[SOLVED] How to convert a Big5 encoded txt file to UTF8 encoded txt file?

How to convert a Big5 encoded txt file to UTF8 encoded txt file?

I have a Big5 encoded file, which can't be opened by Mac TextEdit. I wonder how to convert the whole file into utf8 encoding, since utf8 is much more universal and common.

I have tried using iconv in my terminal, but it does not work. I can't find anything useful about this error by Google either.

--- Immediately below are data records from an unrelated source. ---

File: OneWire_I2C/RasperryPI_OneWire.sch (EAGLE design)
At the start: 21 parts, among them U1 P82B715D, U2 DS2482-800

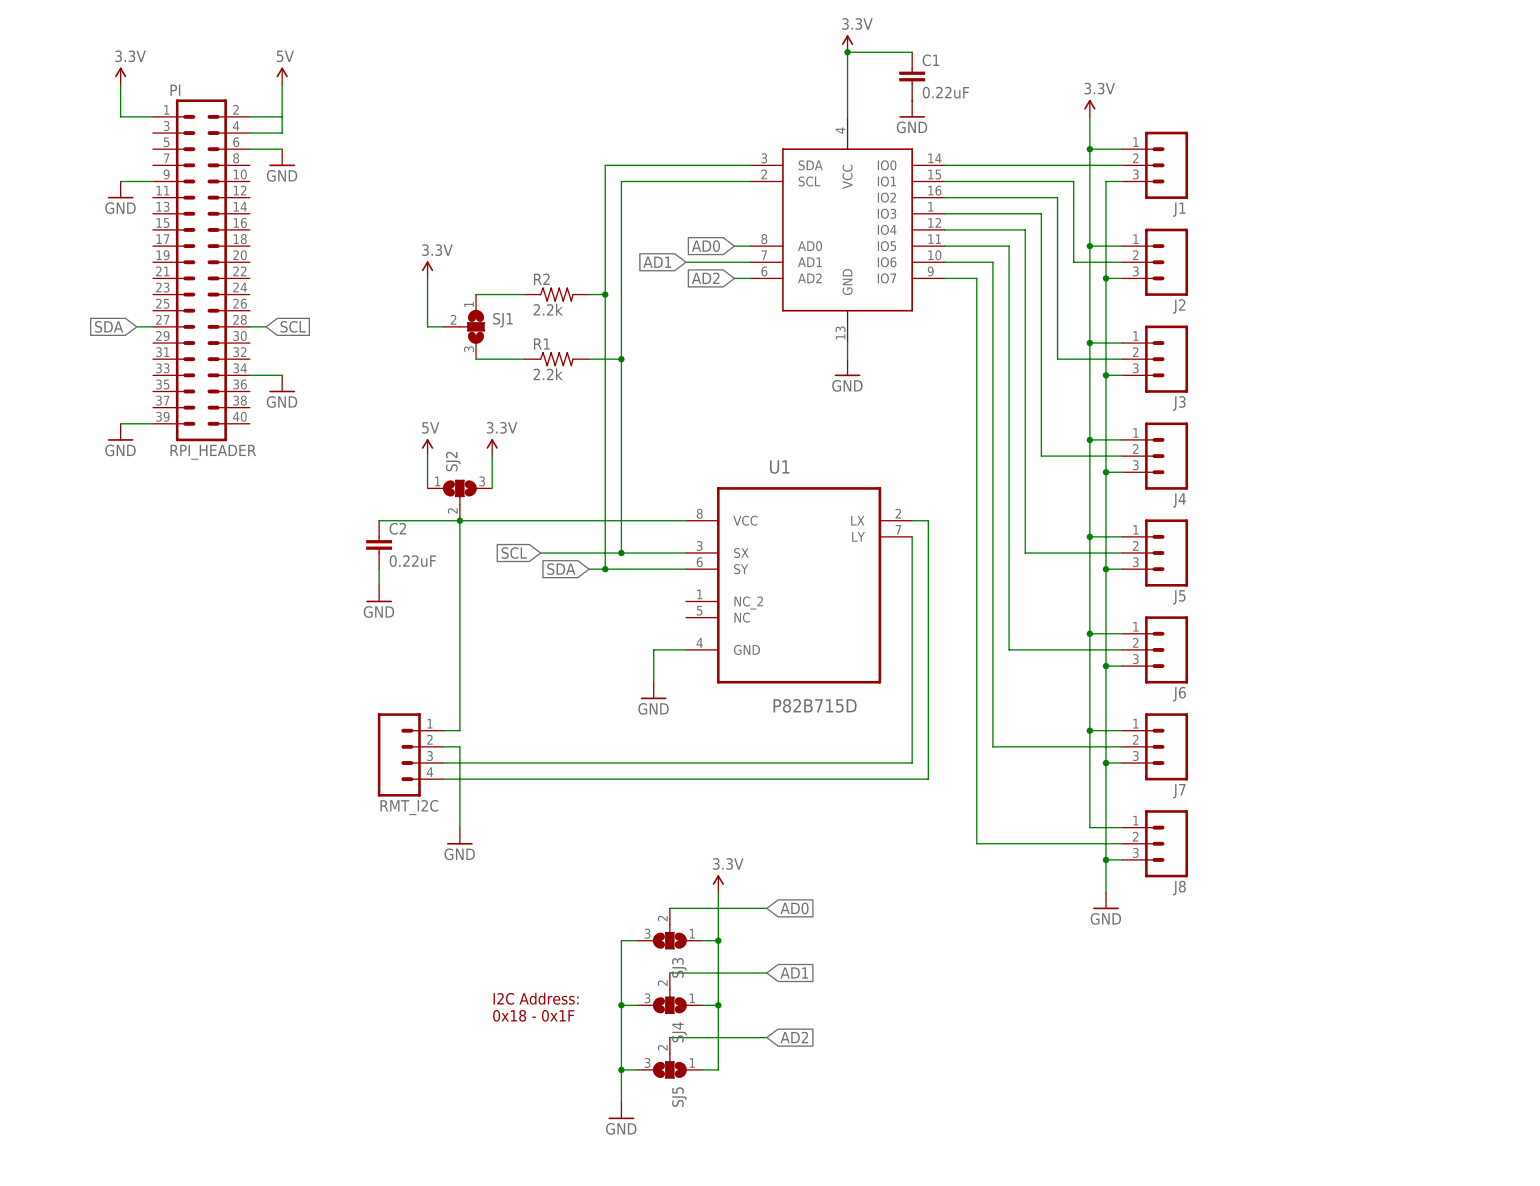
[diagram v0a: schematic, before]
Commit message: Added Raspberry pi board, updated I2C extender pullup resistors to other boards
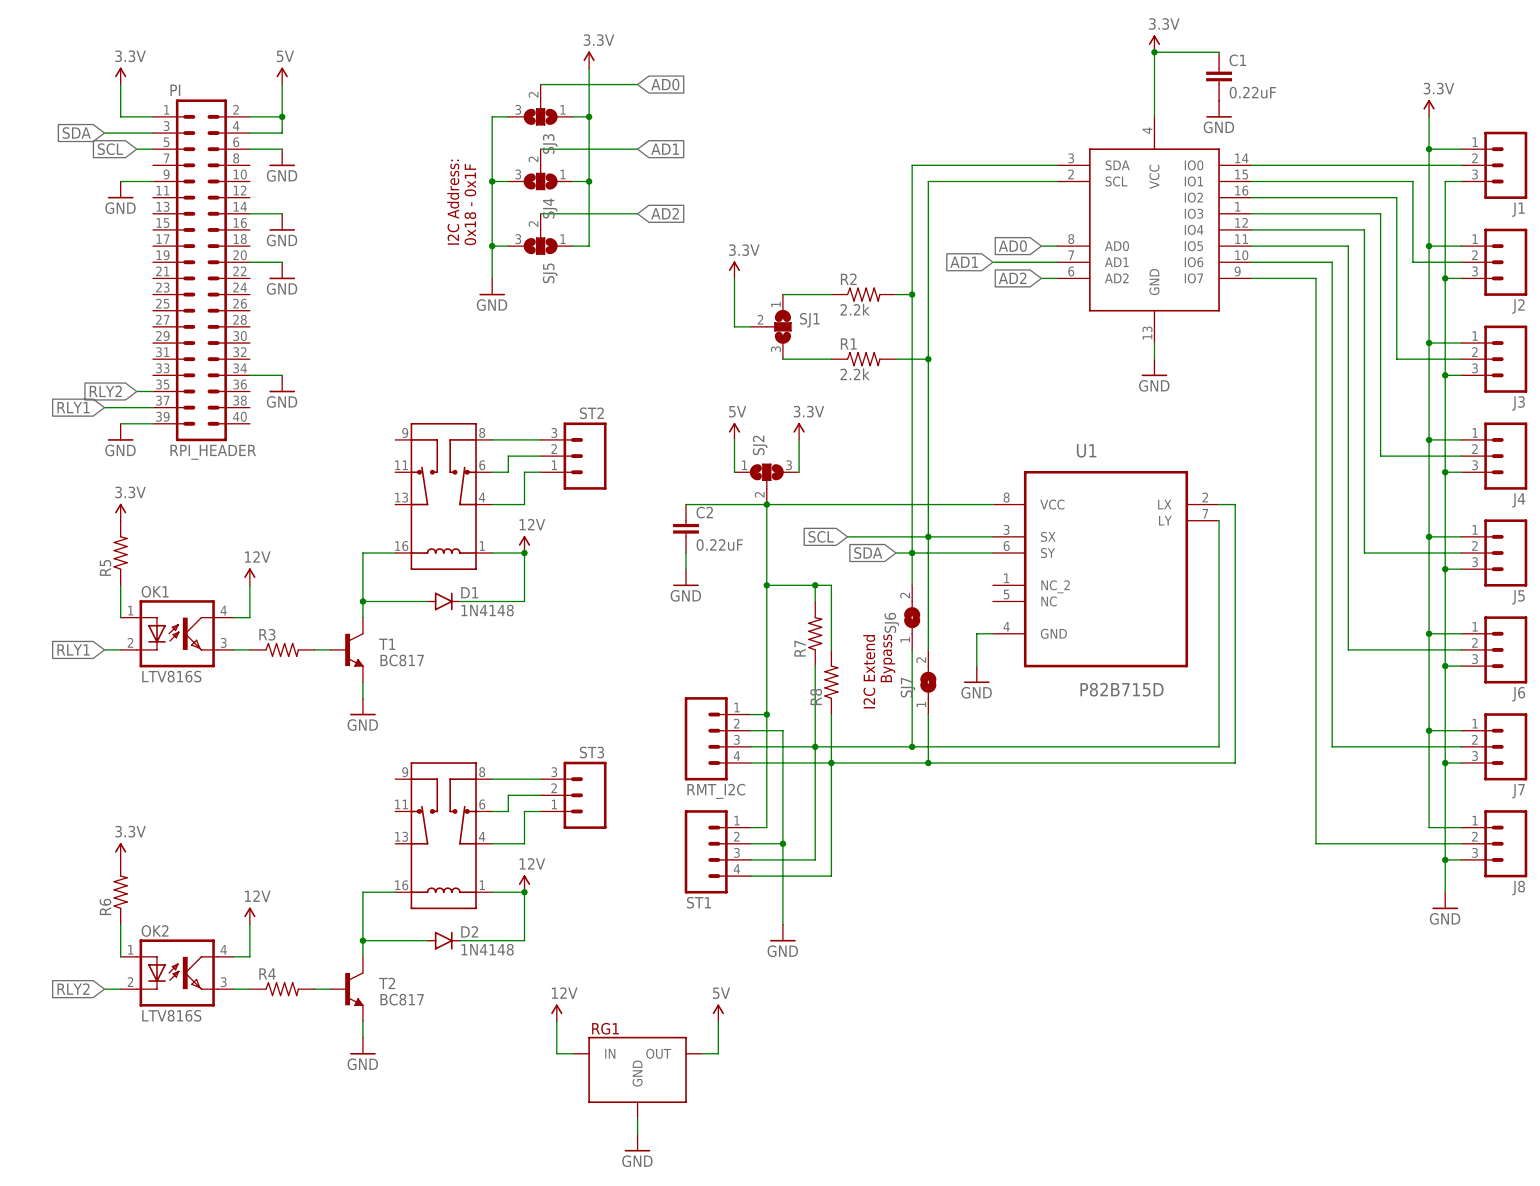
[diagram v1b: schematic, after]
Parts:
- added D1, D2: 1N4148, SparkFun-DiscreteSemi:DIODE1N4148
- added OK1, OK2: LTV816S, optocoupler:LTV816S
- added R3, R4: (no value), SparkFun-Resistors:RESISTOR0603
- added R5, R6, R7, R8: (no value), SparkFun-Resistors:RESISTOR0805-RES
- added RG1: (no value), Puffin:MURATA_REG
- added RLY1, RLY2: HK19F_5V_DPDT_RELAY, Puffin:HK19F_5V_DPDT_RELAY
- added SJ6, SJ7: (no value), jumper:SJ
- added ST1: (no value), Puffin:SCREWTERM_4
- added ST2, ST3: (no value), Puffin:SCREWTERM_3
- added T1, T2: BC817, Puffin:BC817
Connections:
- new net 12V: D1.C, D2.C, OK1.COL, OK2.COL, RG1.IN, RLY1.L1, RLY2.L1
- new net N$12: R4.2, T2.B
- new net N$13: D2.A, RLY2.L2, T2.C
- new net N$14: D1.A, RLY1.L2, T1.C
- new net N$15: R3.2, T1.B
- new net N$16: OK1.EMIT, R3.1
- new net N$17: RLY2.C1, ST3.1
- new net N$18: RLY2.NC1, ST3.2
- new net N$19: RLY2.NO1, ST3.3
- new net N$20: RLY1.C1, ST2.1
- new net N$21: RLY1.NC1, ST2.2
- new net N$22: RLY1.NO1, ST2.3
- new net N$23: OK2.A, R6.1
- new net N$24: OK1.A, R5.1
- new net RLY1: OK1.C, PI.37
- new net RLY2: OK2.C, PI.35
- new net VSEL: C2.1, R7.2, R8.2, RMT_I2C.1, SJ2.2, ST1.1, U1.VCC
- net 3.3V: now also R5.2, R6.2
- net 5V: now also RG1.OUT
- net GND: now also PI.14, PI.20, RG1.GND, ST1.2, T1.E, T2.E
- net LCL: now also R8.1, SJ7.1, ST1.4
- net LDA: now also R7.1, SJ6.1, ST1.3
- net N$11: now also OK2.EMIT, R4.1; no longer C2.1, RMT_I2C.1, SJ2.2, U1.VCC
- net SCL: now also PI.5, SJ7.2; no longer PI.28
- net SDA: now also PI.3, SJ6.2; no longer PI.27
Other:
- note added: "I2C Extend Bypass"
- moved on the sheet: C1, C2, J1, J2, J3, J4, J5, J6, J7, J8, R1, R2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

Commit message: Finished RPI 1Wire board
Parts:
- removed RMT_I2C: (no value), SparkFun-Connectors:M04PTH
- removed SJ1: (no value), jumper:SJ2W
- removed ST1: (no value), Puffin:SCREWTERM_4
- added J10, J11, J9: MOLEX_MINILITE_TRAP_2, Puffin:MOLEX_MINILITE_TRAP_2
- added R10, R9: (no value), Puffin:POT_3MM
- R1, R2: value 2.2k -> (none); device SparkFun-Resistors:2.2KOHM-1/10W-1%(0603) -> SparkFun-Resistors:RESISTOR0805-RES
- R3, R4: device SparkFun-Resistors:RESISTOR0603 -> SparkFun-Resistors:RESISTOR0805-RES
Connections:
- removed net N$8: R2.1, SJ1.1
- removed net N$9: R1.1, SJ1.3
- new net N$25: R10.2, R7.2
- new net N$26: R8.2, R9.2
- net 12V: now also J11.1, J9.1
- net 3.3V: now also J1.2, J2.2, J3.2, J4.2, J5.2, J6.2, J7.2, J8.2, R1.2, R2.2; no longer J1.1, J2.1, J3.1, J4.1, J5.1, J6.1, J7.1, J8.1, R5.2, R6.2, SJ1.2
- net GND: now also J10.2, J11.2, R5.1, R6.1; no longer RMT_I2C.2, ST1.2
- net LCL: now also J10.1; no longer RMT_I2C.4, ST1.4
- net LDA: now also J9.2; no longer RMT_I2C.3, ST1.3
- net N$1: now also J1.1; no longer J1.2
- net N$10: now also J8.1; no longer J8.2
- net N$17: now also RLY2.C2
- net N$18: now also RLY2.NC2
- net N$19: now also RLY2.NO2
- net N$2: now also J2.1; no longer J2.2
- net N$20: now also RLY1.C2
- net N$21: now also RLY1.NC2
- net N$22: now also RLY1.NO2
- net N$23: now also OK1.C, R5.2; no longer OK2.A, R6.1
- net N$24: now also OK2.C, R6.2; no longer OK1.A, R5.1
- net N$3: now also J3.1; no longer J3.2
- net N$4: now also J4.1; no longer J4.2
- net N$5: now also J5.1; no longer J5.2
- net N$6: now also J6.1; no longer J6.2
- net N$7: now also J7.1; no longer J7.2
- net RLY1: now also OK1.A; no longer OK1.C
- net RLY2: now also OK2.A; no longer OK2.C
- net SCL: now also R2.1; no longer R1.2
- net SDA: now also R1.1; no longer R2.2
- net VSEL: now also R10.1, R9.1; no longer R7.2, R8.2, RMT_I2C.1, ST1.1
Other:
- moved on the sheet: C2, D1, D2, OK1, OK2, R1, R2, R3, R4, R5, R6, R7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

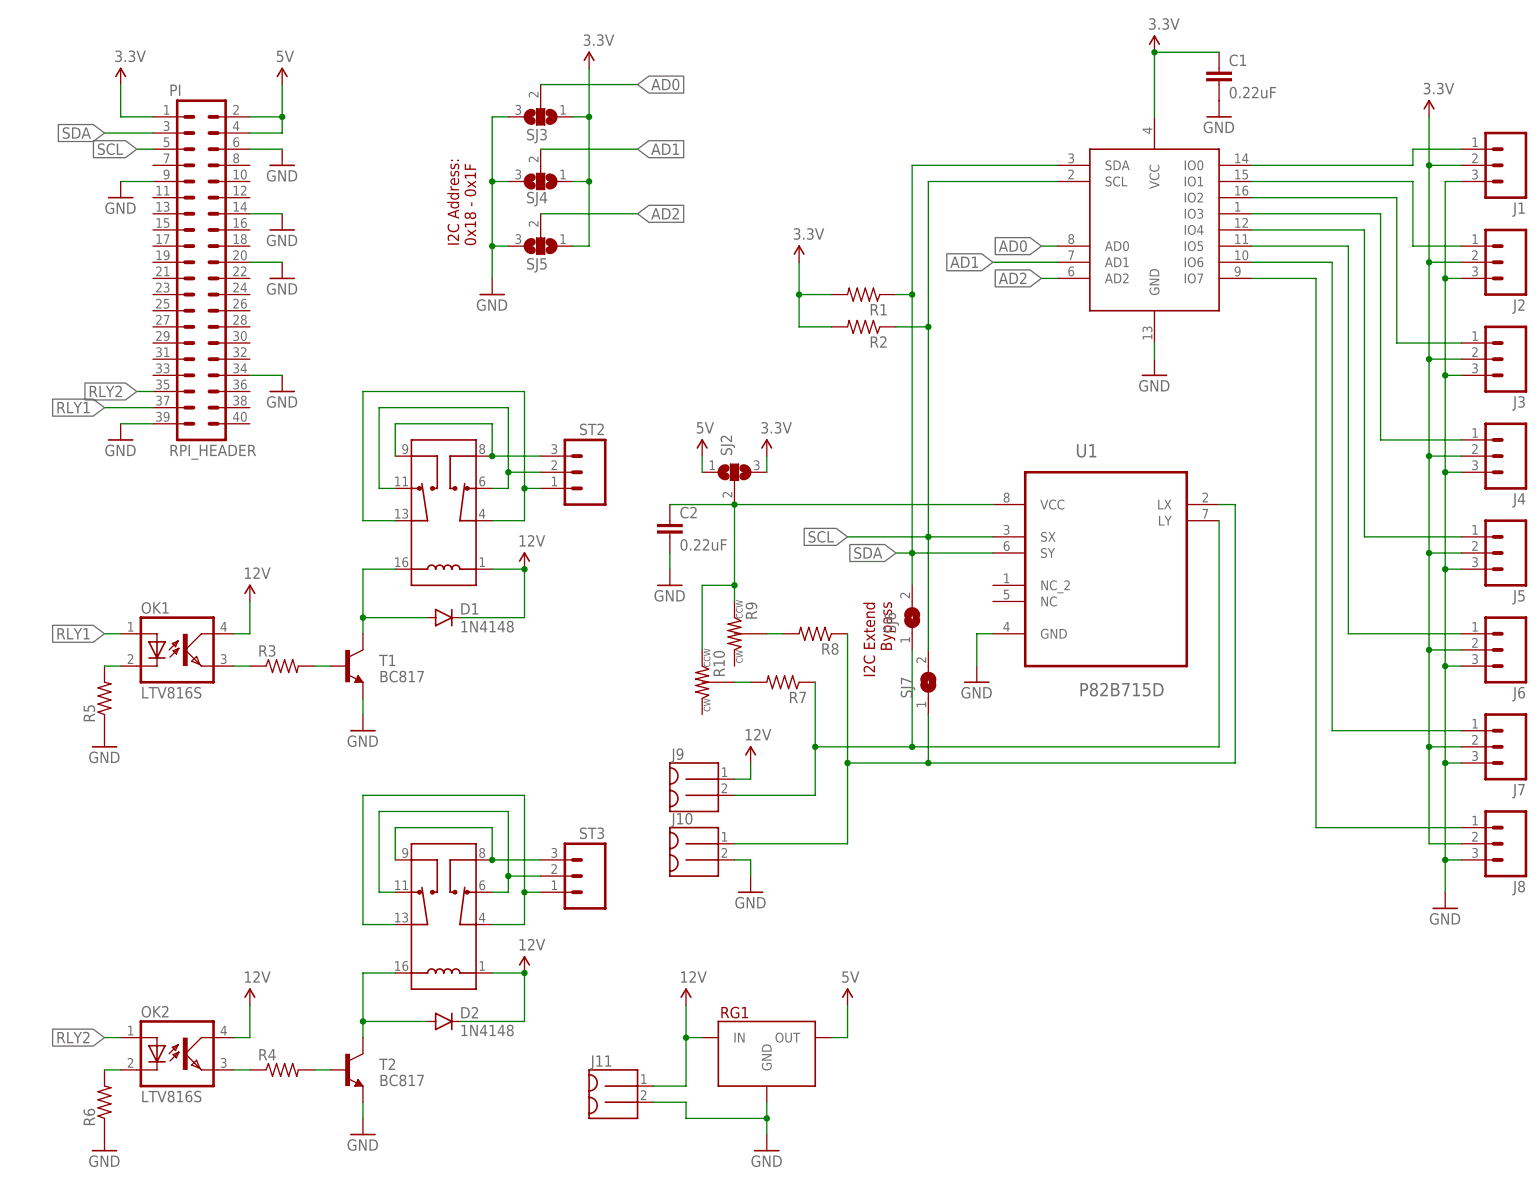
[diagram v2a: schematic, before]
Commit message: Standardized i2c connections, fixed 1Wire connections, lots of cleanup
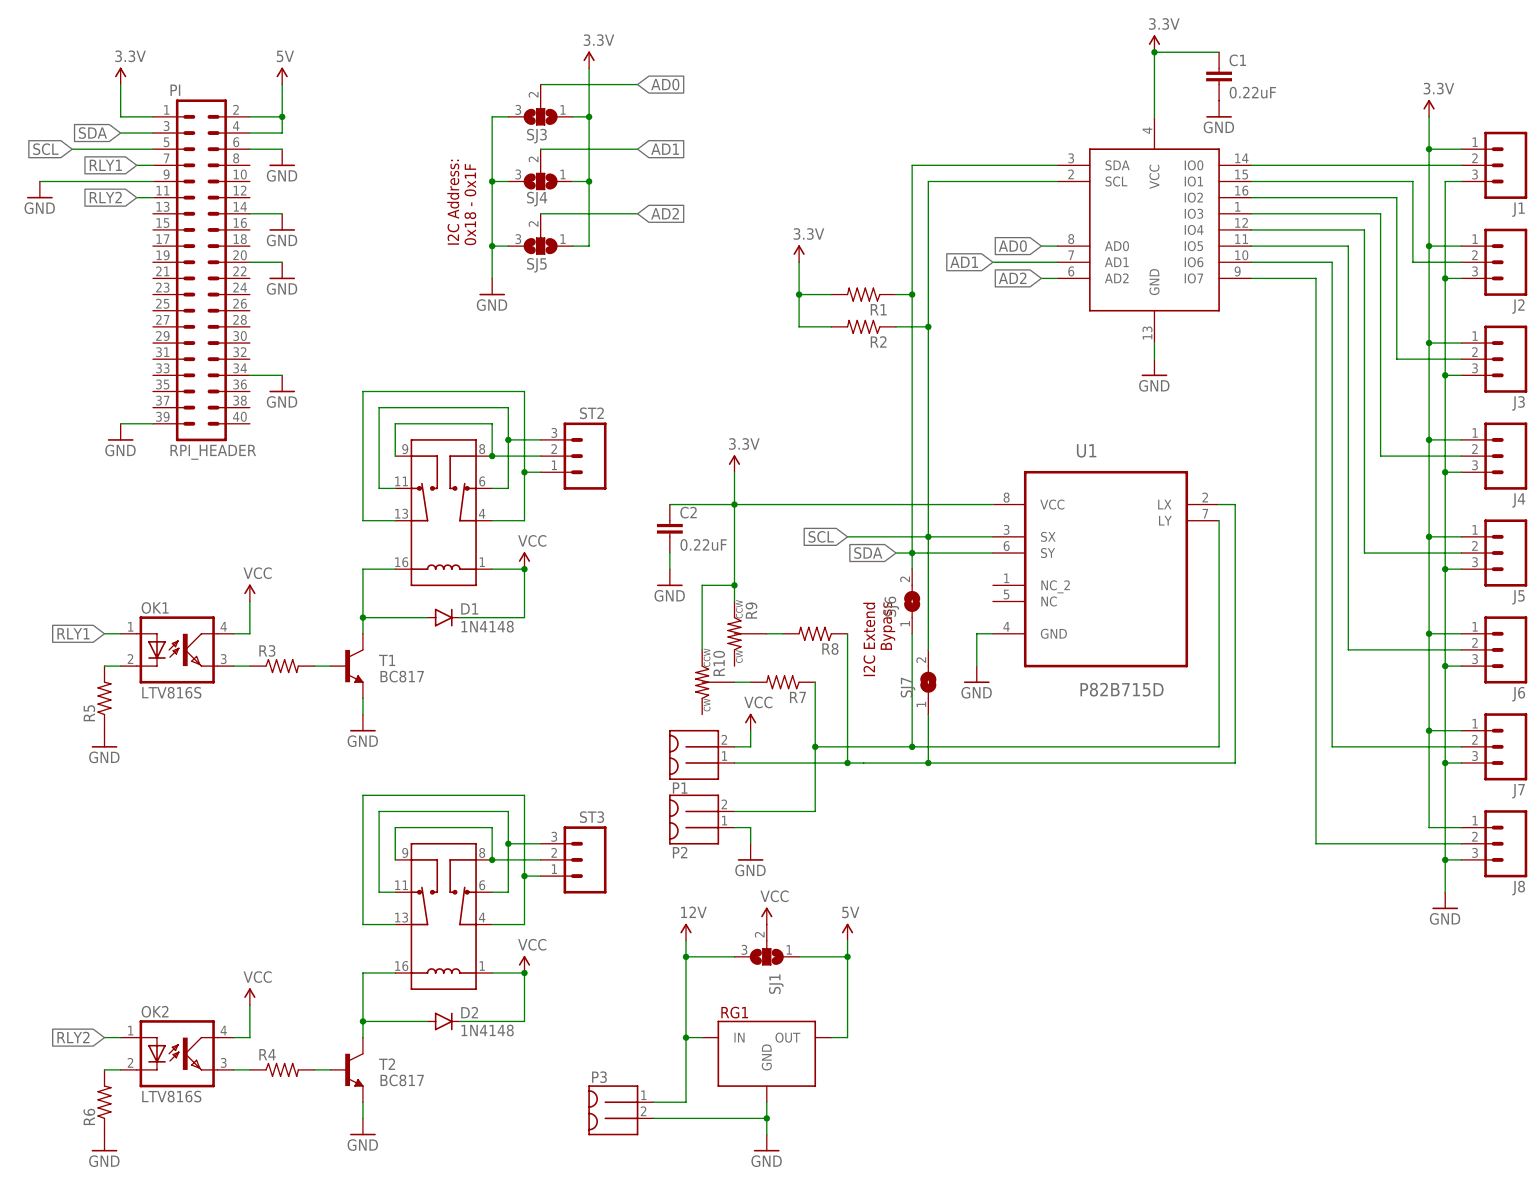
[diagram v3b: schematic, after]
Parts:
- removed J10, J11, J9: MOLEX_MINILITE_TRAP_2, Puffin:MOLEX_MINILITE_TRAP_2
- removed SJ2: (no value), jumper:SJ2W
- added P1, P2, P3: MOLEX_MINILITE_TRAP_2, Puffin:MOLEX_MINILITE_TRAP_2
- added SJ1: (no value), jumper:SJ2W
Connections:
- removed net VSEL: C2.1, R10.1, R9.1, SJ2.2, U1.VCC
- new net VCC: D1.C, D2.C, OK1.COL, OK2.COL, P1.2, RLY1.L1, RLY2.L1, SJ1.2
- net 12V: now also P3.1, SJ1.3; no longer D1.C, D2.C, J11.1, J9.1, OK1.COL, OK2.COL, RLY1.L1, RLY2.L1
- net 3.3V: now also C2.1, J1.1, J2.1, J3.1, J4.1, J5.1, J6.1, J7.1, J8.1, R10.1, R9.1, U1.VCC; no longer J1.2, J2.2, J3.2, J4.2, J5.2, J6.2, J7.2, J8.2, SJ2.3
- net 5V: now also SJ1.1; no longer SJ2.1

$ iconv -f BIG5 -t UTF8 in.txt > out.txt
iconv: in.txt:5:0: cannot convert

Are there any other ways to convert?

I got the txt file from here, whcih is a list of Chinese names writing in Taiwan Traditional Chinese.

Solution

Looking at the first 20 lines of your file, it is clear that the encoding uses the byte 0x8C as first byte of some multibyte sequences. The encodings that have this property are:

BIG5
BIG5-HKSCS
CP932
CP936
CP949
CP950
GB18030
GBK
JOHAB
Shift_JIS
Shift_JISX0213

Try them in turn:

$ for encoding in BIG5 BIG5-HKSCS CP932 CP936 CP949 CP950 GB18030 GBK \
                  JOHAB Shift_JIS Shift_JISX0213; do \
  if head -n 20 < unique_names_2012.txt | iconv -f $encoding -t UTF-8 > /dev/null 2> /dev/null; then \
    echo $encoding ; \
  fi; \
done

With GNU libiconv, it prints

BIG5-HKSCS
CP950
GB18030

Is it in GB18030 encoding?

$ iconv -f GB18030 < unique_names_2012.txt

shows hundreds of lines that use characters in the PUA range. While not impossible, it seems unlikely.

Is it in CP950 encoding?

$ iconv -f CP950 < unique_names_2012.txt

gives a conversion error at line 2294.

Is it in BIG5-HKSCS encoding?

$ iconv -f BIG5-HKSCS < unique_names_2012.txt

gives a conversion error at line 713.

So, most probably the file is encoded in a variant of BIG5. There are many such variants, see http://haible.de/bruno/charsets/conversion-tables/Chinese.html. Possibly it's an extension of CP950 or an extension of BIG5-HKSCS (since these are the most popular encodings from the BIG5 family today).

In summary, such conversion errors are caused by unstandardized proliferation of BIG5 variants.

The best thing you can do is to request the original file in UTF-8 encoding; let the originator deal with it.